Supplied entries: Begin
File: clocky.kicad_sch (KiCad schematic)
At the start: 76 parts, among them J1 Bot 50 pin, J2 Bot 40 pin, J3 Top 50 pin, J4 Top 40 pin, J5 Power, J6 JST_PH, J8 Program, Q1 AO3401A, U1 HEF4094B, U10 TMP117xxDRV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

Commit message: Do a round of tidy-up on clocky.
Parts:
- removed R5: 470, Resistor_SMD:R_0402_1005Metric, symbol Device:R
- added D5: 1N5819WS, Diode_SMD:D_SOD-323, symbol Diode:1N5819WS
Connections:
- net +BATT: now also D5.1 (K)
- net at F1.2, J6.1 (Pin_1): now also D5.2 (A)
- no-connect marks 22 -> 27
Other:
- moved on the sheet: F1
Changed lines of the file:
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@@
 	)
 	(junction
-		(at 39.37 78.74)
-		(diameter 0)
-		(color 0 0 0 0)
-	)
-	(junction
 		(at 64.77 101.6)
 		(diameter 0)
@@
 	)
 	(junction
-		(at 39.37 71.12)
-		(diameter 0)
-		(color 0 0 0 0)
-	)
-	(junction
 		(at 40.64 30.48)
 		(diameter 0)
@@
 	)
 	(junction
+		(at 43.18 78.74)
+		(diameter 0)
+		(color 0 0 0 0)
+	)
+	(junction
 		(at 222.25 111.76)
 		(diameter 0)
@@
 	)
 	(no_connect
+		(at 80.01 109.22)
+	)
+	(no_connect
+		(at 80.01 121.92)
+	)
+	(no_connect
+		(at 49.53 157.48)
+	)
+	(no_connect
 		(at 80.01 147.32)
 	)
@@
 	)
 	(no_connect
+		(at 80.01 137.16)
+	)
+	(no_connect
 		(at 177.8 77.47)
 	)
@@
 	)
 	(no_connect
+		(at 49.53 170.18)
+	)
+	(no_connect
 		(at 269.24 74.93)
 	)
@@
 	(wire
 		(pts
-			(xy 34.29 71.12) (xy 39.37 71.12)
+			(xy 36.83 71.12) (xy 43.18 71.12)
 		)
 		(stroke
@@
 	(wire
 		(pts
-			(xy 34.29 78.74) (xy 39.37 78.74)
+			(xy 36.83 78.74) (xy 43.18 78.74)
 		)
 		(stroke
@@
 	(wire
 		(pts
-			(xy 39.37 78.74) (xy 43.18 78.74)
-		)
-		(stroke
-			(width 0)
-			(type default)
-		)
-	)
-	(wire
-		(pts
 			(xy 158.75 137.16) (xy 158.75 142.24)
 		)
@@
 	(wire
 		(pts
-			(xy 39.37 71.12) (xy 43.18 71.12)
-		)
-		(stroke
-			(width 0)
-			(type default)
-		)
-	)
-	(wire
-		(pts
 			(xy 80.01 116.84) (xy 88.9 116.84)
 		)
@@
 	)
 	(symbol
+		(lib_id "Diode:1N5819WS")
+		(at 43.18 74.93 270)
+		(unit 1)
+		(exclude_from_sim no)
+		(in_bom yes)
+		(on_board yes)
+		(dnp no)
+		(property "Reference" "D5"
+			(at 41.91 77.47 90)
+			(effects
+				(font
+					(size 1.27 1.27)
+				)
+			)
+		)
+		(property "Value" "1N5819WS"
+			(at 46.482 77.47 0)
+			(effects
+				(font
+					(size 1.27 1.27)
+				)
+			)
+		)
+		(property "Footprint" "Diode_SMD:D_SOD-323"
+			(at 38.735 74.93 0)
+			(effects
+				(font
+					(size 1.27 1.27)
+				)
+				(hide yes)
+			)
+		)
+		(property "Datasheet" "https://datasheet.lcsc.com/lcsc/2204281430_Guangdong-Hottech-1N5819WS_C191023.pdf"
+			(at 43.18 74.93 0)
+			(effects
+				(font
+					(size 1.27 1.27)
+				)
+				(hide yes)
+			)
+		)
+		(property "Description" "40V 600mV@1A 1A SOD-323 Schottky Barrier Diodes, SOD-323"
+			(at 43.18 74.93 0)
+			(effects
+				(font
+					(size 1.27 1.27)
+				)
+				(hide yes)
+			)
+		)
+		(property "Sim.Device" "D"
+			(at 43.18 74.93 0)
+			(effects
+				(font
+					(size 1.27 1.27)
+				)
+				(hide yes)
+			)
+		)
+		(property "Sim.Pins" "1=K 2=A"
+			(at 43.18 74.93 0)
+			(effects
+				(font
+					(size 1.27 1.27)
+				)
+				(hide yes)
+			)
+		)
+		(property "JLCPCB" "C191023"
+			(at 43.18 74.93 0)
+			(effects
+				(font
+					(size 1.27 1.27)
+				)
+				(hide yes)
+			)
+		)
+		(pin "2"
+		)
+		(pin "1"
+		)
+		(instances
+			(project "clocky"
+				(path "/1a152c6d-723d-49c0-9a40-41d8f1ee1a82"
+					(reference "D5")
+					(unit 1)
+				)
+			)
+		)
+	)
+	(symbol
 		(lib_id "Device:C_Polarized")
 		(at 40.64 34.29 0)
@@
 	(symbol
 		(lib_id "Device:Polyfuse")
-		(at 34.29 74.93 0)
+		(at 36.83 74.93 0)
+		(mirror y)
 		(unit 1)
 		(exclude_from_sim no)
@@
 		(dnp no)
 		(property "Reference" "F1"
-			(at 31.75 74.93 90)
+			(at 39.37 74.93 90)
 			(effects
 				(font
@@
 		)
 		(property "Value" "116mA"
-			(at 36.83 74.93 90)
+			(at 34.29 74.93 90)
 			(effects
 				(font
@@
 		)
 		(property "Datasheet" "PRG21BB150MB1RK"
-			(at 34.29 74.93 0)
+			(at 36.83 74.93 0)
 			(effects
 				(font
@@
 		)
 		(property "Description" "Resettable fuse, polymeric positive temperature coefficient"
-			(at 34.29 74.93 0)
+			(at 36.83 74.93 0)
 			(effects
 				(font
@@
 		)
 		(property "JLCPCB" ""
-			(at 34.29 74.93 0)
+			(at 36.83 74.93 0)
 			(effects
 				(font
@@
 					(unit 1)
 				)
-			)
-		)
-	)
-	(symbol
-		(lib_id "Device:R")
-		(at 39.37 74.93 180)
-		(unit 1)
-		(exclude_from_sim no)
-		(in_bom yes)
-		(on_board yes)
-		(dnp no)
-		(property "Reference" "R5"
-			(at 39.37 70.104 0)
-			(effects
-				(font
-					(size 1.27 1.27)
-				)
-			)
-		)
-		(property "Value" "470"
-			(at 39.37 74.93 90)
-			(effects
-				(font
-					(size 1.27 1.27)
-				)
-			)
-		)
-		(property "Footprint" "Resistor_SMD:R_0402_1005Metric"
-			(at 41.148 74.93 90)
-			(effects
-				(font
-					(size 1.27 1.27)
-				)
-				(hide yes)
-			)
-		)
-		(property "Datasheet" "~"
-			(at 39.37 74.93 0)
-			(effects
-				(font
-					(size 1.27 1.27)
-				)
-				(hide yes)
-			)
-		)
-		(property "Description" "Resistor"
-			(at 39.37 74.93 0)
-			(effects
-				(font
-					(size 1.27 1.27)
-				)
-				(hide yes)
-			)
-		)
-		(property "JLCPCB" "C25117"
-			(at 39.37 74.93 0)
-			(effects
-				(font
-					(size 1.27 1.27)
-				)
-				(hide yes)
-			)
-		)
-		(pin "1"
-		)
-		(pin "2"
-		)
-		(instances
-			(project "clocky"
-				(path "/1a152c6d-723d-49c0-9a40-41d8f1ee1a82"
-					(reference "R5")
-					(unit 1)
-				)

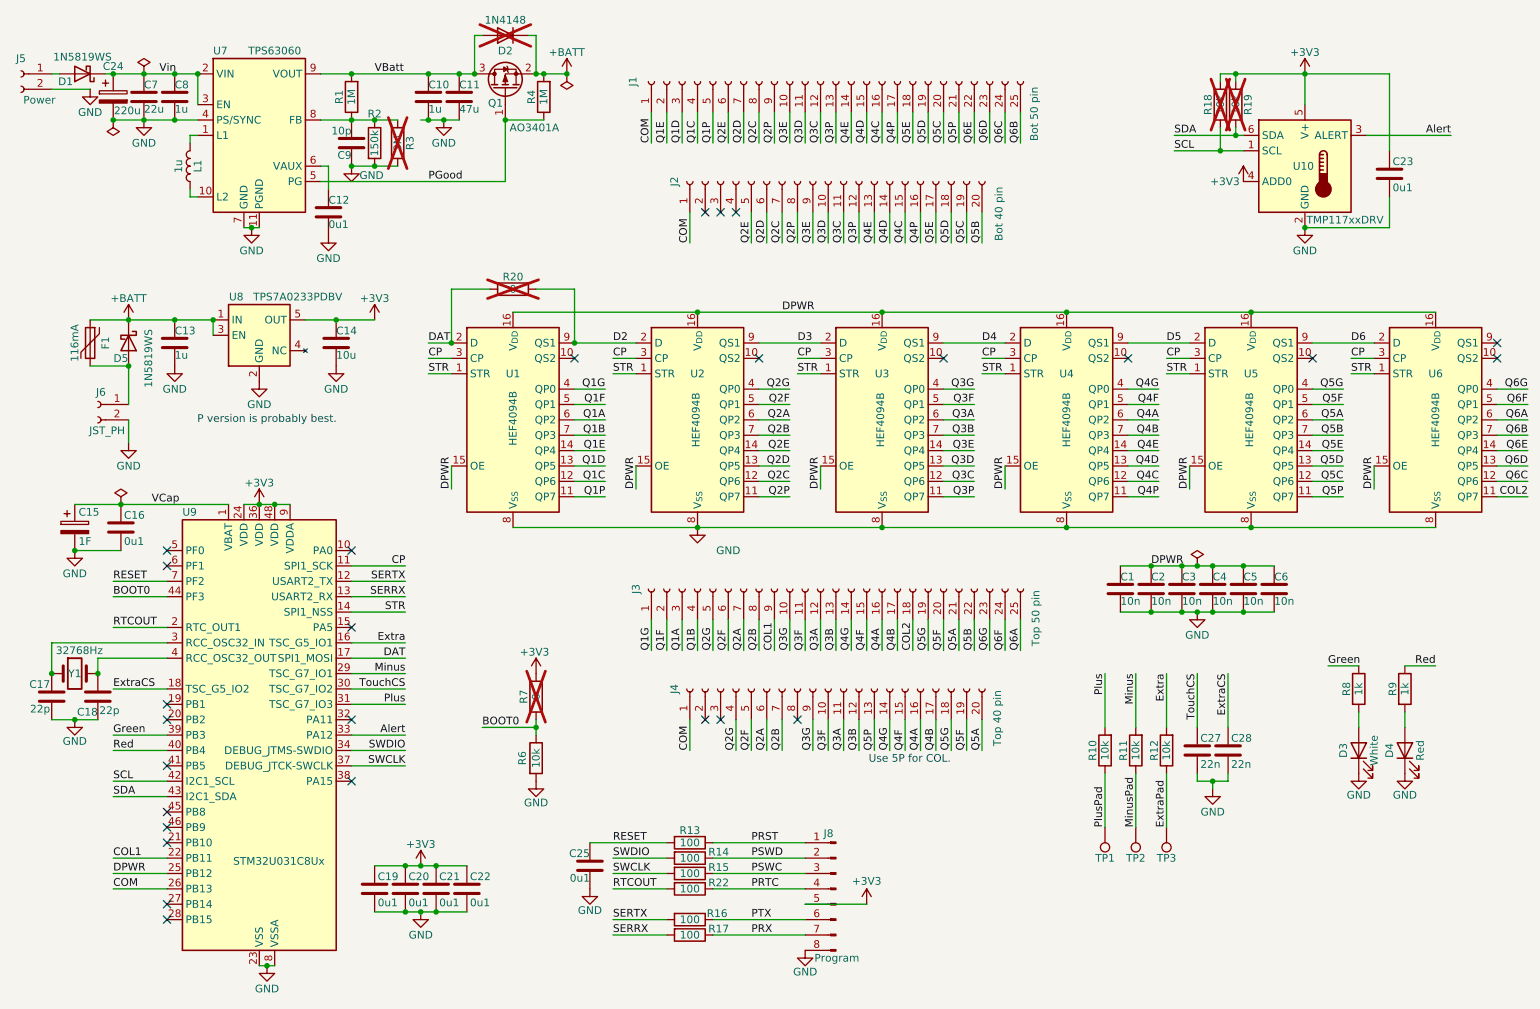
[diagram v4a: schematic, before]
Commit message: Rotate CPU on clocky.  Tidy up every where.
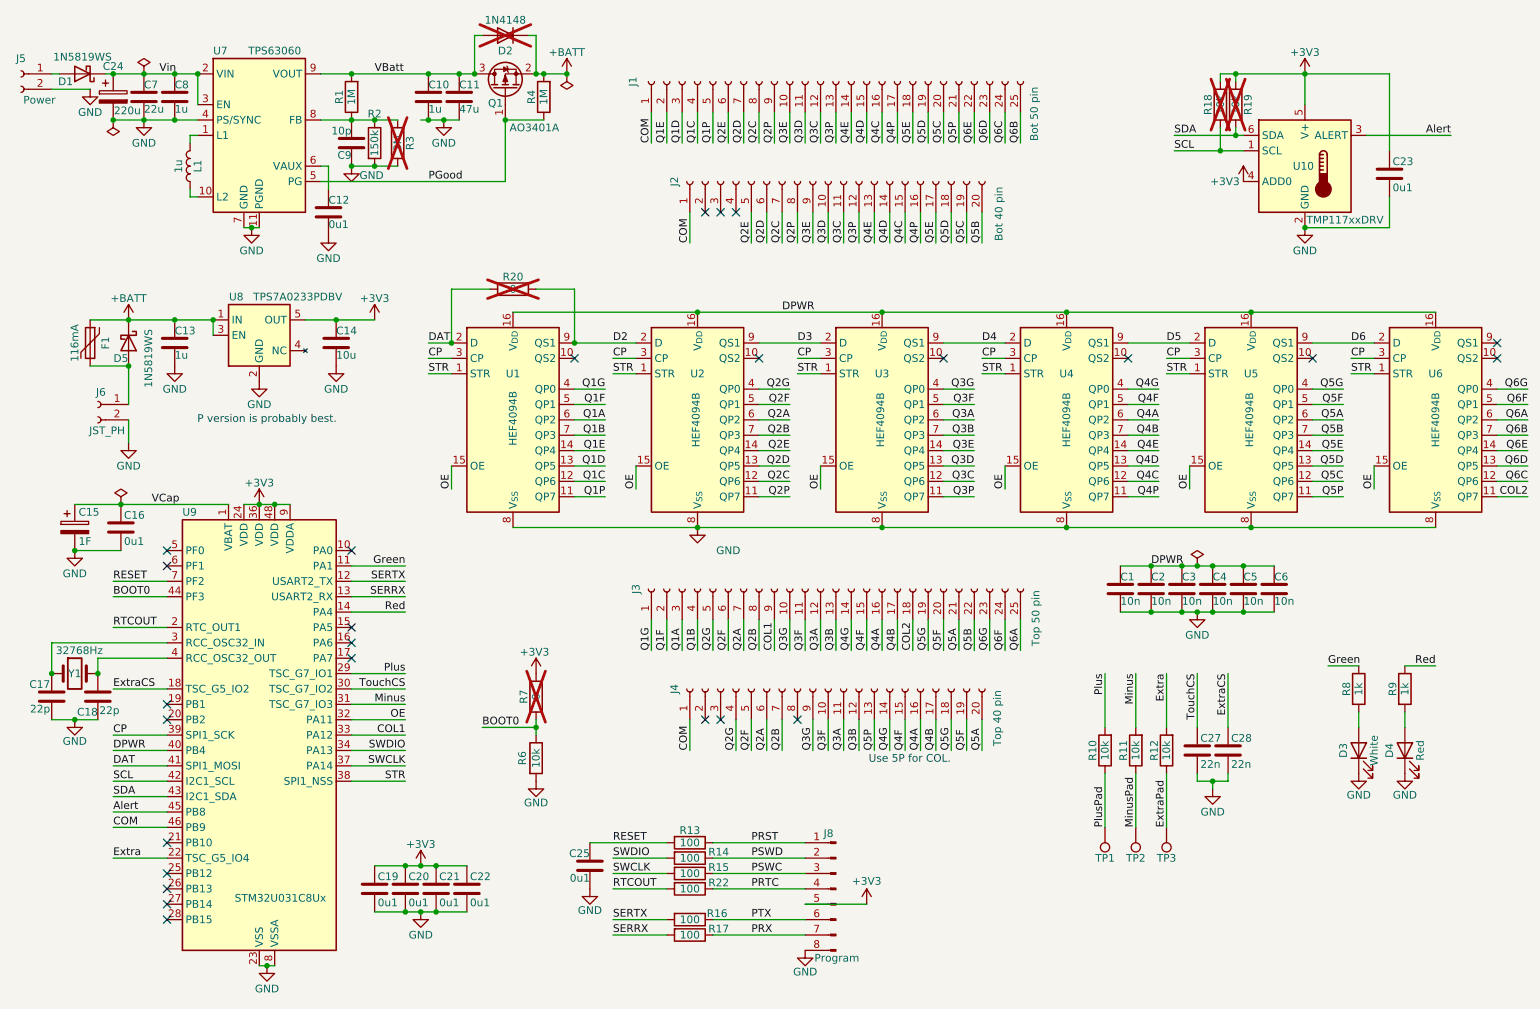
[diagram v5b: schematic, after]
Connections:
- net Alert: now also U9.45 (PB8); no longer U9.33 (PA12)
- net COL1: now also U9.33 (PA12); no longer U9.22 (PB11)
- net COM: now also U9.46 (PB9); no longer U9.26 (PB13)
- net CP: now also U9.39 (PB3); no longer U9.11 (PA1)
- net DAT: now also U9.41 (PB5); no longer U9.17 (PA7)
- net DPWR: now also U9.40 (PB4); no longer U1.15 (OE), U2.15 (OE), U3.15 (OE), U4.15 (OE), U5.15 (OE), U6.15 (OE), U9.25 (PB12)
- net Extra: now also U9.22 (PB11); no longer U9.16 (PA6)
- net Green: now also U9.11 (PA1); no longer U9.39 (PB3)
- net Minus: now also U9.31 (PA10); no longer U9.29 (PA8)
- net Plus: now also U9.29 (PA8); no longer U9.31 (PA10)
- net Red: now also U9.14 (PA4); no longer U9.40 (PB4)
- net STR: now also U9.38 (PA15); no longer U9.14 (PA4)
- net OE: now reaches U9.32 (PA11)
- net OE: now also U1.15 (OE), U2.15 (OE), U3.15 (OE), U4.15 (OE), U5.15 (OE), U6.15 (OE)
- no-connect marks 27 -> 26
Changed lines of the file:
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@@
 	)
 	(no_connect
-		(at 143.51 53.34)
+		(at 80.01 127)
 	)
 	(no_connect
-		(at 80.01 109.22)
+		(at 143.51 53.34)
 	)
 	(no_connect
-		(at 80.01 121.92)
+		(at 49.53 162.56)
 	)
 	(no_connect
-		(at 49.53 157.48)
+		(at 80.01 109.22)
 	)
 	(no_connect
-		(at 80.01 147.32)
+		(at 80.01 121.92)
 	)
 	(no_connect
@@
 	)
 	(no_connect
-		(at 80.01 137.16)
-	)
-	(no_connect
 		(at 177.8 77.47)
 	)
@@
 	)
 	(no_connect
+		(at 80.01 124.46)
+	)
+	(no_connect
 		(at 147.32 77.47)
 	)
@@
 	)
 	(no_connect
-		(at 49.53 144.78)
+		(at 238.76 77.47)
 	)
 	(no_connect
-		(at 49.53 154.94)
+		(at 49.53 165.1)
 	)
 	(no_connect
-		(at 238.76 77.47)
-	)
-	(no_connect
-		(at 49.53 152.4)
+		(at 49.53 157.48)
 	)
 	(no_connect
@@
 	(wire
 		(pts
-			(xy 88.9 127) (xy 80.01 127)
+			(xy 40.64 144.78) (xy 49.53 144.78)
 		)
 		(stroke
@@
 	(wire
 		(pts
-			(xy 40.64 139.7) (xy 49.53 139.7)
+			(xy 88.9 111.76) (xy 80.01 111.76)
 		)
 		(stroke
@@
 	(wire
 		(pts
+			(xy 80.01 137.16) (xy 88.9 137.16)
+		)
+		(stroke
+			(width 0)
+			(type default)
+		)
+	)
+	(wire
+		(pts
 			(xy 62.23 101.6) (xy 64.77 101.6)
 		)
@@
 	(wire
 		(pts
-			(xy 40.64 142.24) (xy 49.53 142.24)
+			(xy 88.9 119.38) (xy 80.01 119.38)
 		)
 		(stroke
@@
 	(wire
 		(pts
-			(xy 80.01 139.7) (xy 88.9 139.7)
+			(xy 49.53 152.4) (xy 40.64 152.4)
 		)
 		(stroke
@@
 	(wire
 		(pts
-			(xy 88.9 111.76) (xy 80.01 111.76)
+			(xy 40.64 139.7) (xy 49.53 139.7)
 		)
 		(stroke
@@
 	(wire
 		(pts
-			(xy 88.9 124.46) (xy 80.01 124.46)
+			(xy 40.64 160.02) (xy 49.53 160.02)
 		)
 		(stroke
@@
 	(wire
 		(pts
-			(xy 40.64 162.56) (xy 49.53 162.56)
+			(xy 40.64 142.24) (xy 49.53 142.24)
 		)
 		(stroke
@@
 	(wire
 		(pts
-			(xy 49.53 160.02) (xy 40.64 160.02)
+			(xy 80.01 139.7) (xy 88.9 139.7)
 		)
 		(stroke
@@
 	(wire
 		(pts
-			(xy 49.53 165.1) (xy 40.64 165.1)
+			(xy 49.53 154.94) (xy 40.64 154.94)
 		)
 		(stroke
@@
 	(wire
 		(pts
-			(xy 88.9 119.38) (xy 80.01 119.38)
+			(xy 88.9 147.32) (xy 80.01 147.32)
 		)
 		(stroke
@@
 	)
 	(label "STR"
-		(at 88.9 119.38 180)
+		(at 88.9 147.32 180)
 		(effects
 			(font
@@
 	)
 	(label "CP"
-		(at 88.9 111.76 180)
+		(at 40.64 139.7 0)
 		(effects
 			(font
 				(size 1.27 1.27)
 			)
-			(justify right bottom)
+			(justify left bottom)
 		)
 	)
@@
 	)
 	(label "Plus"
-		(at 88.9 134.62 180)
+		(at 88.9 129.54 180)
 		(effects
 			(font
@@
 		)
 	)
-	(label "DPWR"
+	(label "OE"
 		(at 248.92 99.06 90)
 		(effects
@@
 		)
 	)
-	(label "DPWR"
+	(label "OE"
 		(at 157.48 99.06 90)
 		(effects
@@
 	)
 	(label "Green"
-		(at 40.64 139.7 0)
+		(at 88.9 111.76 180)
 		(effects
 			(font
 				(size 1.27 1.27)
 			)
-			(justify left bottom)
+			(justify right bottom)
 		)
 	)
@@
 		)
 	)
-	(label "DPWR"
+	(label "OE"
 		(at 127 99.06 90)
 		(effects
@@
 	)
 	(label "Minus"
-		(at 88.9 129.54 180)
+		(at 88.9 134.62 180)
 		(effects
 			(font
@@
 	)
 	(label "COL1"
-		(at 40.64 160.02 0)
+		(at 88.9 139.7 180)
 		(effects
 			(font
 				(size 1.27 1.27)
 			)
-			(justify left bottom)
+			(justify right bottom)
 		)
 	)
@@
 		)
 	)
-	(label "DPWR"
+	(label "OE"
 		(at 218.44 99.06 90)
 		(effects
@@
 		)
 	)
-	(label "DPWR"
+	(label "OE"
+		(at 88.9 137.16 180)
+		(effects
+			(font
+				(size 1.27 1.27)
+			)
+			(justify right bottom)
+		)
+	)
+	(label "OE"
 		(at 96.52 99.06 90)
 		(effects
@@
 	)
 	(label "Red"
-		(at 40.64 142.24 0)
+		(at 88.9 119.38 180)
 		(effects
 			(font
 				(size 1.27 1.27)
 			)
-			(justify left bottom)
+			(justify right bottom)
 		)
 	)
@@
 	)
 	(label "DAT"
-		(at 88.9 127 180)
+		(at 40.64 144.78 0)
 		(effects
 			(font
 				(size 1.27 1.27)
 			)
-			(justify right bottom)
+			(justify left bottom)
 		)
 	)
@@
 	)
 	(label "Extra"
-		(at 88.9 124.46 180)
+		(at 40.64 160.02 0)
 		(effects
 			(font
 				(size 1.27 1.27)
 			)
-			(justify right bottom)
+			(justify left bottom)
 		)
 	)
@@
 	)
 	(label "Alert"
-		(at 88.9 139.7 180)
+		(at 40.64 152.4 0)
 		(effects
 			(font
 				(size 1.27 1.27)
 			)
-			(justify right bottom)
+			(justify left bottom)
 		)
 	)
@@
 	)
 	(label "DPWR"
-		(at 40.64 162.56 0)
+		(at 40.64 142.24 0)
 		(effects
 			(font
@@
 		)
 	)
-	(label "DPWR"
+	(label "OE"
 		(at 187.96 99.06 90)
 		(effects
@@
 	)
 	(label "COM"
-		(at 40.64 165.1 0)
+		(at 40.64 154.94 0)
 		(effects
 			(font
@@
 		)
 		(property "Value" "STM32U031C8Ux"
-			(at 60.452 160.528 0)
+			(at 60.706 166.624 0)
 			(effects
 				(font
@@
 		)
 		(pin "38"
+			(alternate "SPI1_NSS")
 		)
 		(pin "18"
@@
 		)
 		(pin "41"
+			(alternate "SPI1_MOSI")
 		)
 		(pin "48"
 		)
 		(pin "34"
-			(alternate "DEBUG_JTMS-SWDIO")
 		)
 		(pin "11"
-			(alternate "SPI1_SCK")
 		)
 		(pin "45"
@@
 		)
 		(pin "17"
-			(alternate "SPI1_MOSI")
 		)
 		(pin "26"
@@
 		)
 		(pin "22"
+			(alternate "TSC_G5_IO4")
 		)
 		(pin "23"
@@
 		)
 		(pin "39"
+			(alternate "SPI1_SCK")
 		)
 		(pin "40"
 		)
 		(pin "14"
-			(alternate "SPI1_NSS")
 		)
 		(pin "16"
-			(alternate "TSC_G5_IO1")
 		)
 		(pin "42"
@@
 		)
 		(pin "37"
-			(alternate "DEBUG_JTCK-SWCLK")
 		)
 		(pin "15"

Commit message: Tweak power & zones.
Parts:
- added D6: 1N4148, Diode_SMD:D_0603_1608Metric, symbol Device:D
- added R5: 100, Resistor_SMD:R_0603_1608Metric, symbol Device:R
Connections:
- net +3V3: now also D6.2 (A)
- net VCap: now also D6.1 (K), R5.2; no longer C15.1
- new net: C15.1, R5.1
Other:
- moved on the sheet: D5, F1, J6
Supplied entries: End
Your instructions
In the lines above, find each one with "path" and list it.

Your solution
+				(path "/1a152c6d-723d-49c0-9a40-41d8f1ee1a82"
-				(path "/1a152c6d-723d-49c0-9a40-41d8f1ee1a82"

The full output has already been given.